Using the entries that follow, collect the lines where the word "simulink" appears.

- Opening Delimiter -

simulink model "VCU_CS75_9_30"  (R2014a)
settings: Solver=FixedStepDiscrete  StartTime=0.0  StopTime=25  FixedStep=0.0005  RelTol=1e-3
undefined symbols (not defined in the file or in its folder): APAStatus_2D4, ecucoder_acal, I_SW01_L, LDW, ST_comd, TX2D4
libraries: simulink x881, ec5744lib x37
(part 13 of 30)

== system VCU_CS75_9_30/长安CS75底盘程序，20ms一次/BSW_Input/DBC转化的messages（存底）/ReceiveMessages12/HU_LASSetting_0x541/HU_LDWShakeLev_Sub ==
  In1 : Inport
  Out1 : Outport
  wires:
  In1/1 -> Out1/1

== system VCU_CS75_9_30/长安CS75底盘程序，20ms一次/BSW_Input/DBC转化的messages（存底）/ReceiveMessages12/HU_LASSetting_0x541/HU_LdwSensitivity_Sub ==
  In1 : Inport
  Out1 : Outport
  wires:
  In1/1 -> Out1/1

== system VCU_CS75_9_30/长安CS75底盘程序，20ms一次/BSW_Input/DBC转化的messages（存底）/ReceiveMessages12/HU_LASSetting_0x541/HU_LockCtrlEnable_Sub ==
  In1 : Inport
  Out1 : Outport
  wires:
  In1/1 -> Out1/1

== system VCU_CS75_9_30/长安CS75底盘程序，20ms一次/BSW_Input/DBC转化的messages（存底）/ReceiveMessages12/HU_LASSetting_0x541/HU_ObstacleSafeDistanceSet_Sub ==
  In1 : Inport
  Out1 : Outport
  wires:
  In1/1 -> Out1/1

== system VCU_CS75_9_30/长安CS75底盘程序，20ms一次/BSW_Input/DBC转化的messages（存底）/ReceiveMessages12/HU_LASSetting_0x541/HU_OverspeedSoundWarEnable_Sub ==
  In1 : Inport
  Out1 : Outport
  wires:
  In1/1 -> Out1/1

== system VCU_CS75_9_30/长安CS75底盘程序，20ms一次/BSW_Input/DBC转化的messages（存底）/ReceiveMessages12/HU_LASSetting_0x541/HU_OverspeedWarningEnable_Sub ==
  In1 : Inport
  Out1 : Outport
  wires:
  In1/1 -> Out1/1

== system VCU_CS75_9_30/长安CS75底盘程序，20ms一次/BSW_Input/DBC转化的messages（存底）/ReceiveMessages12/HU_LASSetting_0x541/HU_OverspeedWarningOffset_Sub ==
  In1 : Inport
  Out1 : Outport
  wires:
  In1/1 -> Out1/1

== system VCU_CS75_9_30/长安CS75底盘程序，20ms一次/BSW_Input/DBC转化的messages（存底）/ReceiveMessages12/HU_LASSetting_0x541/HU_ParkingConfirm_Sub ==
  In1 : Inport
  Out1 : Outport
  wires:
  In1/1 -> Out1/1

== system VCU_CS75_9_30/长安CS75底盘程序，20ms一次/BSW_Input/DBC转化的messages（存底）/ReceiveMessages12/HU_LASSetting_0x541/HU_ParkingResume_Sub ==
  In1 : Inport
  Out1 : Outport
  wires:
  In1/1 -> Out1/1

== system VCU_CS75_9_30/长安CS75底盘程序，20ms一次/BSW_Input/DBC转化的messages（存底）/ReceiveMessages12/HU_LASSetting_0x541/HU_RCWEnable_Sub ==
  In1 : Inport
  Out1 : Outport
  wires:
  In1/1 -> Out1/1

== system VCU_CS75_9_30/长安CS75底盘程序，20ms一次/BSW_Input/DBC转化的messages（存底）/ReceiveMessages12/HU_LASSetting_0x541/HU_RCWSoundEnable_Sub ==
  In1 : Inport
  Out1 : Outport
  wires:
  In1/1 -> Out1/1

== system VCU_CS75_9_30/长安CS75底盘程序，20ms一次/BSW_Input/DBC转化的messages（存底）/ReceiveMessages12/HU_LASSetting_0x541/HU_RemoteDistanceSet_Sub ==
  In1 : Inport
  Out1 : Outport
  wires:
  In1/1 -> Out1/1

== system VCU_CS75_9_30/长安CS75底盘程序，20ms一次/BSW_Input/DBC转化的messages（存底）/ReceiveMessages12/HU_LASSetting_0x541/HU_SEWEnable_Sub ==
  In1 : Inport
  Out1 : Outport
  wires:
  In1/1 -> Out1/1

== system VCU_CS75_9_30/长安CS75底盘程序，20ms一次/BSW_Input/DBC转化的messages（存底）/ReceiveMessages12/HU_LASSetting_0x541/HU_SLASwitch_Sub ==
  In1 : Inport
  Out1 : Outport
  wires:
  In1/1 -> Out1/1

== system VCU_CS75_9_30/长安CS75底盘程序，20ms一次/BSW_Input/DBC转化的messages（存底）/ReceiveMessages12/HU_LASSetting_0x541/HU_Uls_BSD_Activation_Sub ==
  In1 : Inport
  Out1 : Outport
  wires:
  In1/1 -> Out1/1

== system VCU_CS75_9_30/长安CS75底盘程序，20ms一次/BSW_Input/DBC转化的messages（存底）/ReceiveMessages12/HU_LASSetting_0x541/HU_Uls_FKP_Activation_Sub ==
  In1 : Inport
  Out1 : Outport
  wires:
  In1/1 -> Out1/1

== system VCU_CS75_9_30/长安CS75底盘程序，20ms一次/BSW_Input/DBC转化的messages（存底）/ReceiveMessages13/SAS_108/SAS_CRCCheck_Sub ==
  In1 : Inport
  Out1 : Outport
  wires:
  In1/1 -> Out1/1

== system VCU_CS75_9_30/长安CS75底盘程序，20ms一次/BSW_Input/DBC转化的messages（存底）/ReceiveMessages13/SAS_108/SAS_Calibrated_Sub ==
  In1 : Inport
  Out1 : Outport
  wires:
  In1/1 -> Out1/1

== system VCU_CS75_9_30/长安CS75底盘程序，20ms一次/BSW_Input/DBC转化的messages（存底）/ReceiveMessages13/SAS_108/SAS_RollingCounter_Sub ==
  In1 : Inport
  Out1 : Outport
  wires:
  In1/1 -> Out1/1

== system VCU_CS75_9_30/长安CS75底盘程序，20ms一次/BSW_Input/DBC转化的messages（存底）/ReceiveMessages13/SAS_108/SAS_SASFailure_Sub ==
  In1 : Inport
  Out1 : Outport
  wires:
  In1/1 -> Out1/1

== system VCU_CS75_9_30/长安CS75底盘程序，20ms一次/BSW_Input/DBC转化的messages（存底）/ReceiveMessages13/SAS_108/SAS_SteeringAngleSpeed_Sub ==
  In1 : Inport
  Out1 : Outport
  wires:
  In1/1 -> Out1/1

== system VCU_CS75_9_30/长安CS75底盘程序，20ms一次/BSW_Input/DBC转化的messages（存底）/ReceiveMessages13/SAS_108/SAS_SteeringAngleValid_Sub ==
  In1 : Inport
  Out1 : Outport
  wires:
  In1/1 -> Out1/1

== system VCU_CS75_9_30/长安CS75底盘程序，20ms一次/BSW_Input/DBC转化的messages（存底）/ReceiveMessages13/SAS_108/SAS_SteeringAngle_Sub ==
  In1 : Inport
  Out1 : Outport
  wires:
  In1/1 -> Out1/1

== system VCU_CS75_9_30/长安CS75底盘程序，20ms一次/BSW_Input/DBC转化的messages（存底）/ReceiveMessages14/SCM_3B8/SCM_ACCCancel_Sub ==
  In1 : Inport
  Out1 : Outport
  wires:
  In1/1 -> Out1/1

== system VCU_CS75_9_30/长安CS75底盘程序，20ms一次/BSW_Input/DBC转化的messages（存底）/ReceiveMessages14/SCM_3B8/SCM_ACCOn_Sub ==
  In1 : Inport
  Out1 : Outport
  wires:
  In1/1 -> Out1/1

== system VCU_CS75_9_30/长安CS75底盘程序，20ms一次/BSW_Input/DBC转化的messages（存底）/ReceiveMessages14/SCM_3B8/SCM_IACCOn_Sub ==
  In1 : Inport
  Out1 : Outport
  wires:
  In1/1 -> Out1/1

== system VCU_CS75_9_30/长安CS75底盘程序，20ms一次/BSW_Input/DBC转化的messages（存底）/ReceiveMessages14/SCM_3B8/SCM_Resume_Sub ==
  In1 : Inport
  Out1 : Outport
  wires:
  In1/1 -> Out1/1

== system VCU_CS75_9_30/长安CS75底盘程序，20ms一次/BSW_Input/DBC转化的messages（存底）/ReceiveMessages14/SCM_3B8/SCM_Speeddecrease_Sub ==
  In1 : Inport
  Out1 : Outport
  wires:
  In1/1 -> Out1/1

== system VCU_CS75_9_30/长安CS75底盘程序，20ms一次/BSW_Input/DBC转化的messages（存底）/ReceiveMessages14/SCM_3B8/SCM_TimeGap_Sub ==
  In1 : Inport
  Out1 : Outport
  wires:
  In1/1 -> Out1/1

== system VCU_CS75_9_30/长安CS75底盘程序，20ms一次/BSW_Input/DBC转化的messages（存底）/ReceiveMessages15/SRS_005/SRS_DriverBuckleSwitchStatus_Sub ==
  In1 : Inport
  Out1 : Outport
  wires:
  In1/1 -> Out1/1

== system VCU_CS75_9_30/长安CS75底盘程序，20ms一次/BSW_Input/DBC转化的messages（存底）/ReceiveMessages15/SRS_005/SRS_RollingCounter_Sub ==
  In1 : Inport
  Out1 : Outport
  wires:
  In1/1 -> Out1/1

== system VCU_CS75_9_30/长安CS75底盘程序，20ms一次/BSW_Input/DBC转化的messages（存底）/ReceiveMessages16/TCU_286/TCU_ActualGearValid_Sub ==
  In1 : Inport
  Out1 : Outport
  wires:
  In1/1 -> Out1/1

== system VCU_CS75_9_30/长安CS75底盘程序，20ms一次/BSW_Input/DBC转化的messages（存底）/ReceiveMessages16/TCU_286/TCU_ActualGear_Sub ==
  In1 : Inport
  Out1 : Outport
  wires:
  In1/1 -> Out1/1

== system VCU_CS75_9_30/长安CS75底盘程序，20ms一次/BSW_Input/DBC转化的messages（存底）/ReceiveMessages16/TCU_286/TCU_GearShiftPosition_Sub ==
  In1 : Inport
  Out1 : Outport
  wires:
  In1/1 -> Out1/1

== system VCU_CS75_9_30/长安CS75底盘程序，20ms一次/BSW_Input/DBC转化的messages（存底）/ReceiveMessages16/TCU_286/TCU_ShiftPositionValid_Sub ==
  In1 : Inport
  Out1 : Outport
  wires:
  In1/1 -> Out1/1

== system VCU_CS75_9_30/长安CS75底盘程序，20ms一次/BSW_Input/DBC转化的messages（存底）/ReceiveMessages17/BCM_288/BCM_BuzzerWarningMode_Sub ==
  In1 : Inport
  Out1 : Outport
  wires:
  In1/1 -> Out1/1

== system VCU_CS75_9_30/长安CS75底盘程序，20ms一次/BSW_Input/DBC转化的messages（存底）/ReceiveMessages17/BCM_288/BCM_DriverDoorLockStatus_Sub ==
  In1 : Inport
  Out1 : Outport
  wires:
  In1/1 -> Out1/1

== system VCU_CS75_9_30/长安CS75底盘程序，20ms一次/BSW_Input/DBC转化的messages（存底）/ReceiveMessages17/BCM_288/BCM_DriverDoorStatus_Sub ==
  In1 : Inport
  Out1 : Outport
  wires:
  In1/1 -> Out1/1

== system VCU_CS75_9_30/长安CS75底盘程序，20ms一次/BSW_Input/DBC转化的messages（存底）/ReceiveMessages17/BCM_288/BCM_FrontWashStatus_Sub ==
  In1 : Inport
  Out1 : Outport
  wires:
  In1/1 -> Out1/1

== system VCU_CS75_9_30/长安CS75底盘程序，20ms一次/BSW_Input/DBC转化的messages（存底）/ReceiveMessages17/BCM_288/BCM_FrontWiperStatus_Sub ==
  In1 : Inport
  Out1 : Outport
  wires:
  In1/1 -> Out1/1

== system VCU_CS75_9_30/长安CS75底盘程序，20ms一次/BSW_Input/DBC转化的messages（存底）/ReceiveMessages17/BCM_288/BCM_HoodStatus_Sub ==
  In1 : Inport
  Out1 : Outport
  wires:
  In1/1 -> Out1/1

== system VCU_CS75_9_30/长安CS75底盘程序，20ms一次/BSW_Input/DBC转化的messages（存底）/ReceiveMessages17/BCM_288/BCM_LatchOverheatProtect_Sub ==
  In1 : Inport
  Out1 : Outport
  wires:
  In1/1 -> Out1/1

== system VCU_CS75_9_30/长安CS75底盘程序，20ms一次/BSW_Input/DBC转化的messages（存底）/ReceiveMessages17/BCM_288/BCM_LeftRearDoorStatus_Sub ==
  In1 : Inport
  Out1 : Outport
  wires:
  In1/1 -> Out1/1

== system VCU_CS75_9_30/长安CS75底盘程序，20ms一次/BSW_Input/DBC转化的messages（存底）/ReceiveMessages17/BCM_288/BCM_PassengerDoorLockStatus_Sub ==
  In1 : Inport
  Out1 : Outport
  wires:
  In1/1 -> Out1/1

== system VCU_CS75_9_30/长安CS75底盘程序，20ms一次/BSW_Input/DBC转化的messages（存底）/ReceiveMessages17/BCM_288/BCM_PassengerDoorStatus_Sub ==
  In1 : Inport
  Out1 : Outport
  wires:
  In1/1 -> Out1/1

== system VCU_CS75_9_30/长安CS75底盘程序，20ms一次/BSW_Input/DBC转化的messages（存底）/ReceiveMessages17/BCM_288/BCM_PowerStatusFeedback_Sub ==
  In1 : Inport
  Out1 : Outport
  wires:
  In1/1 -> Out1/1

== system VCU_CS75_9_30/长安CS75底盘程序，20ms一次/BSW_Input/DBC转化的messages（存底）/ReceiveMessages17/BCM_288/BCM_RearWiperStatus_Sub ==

- Closing Delimiter -

> **WRITTEN ANSWER**:
simulink model "VCU_CS75_9_30"  (R2014a)
libraries: simulink x881, ec5744lib x37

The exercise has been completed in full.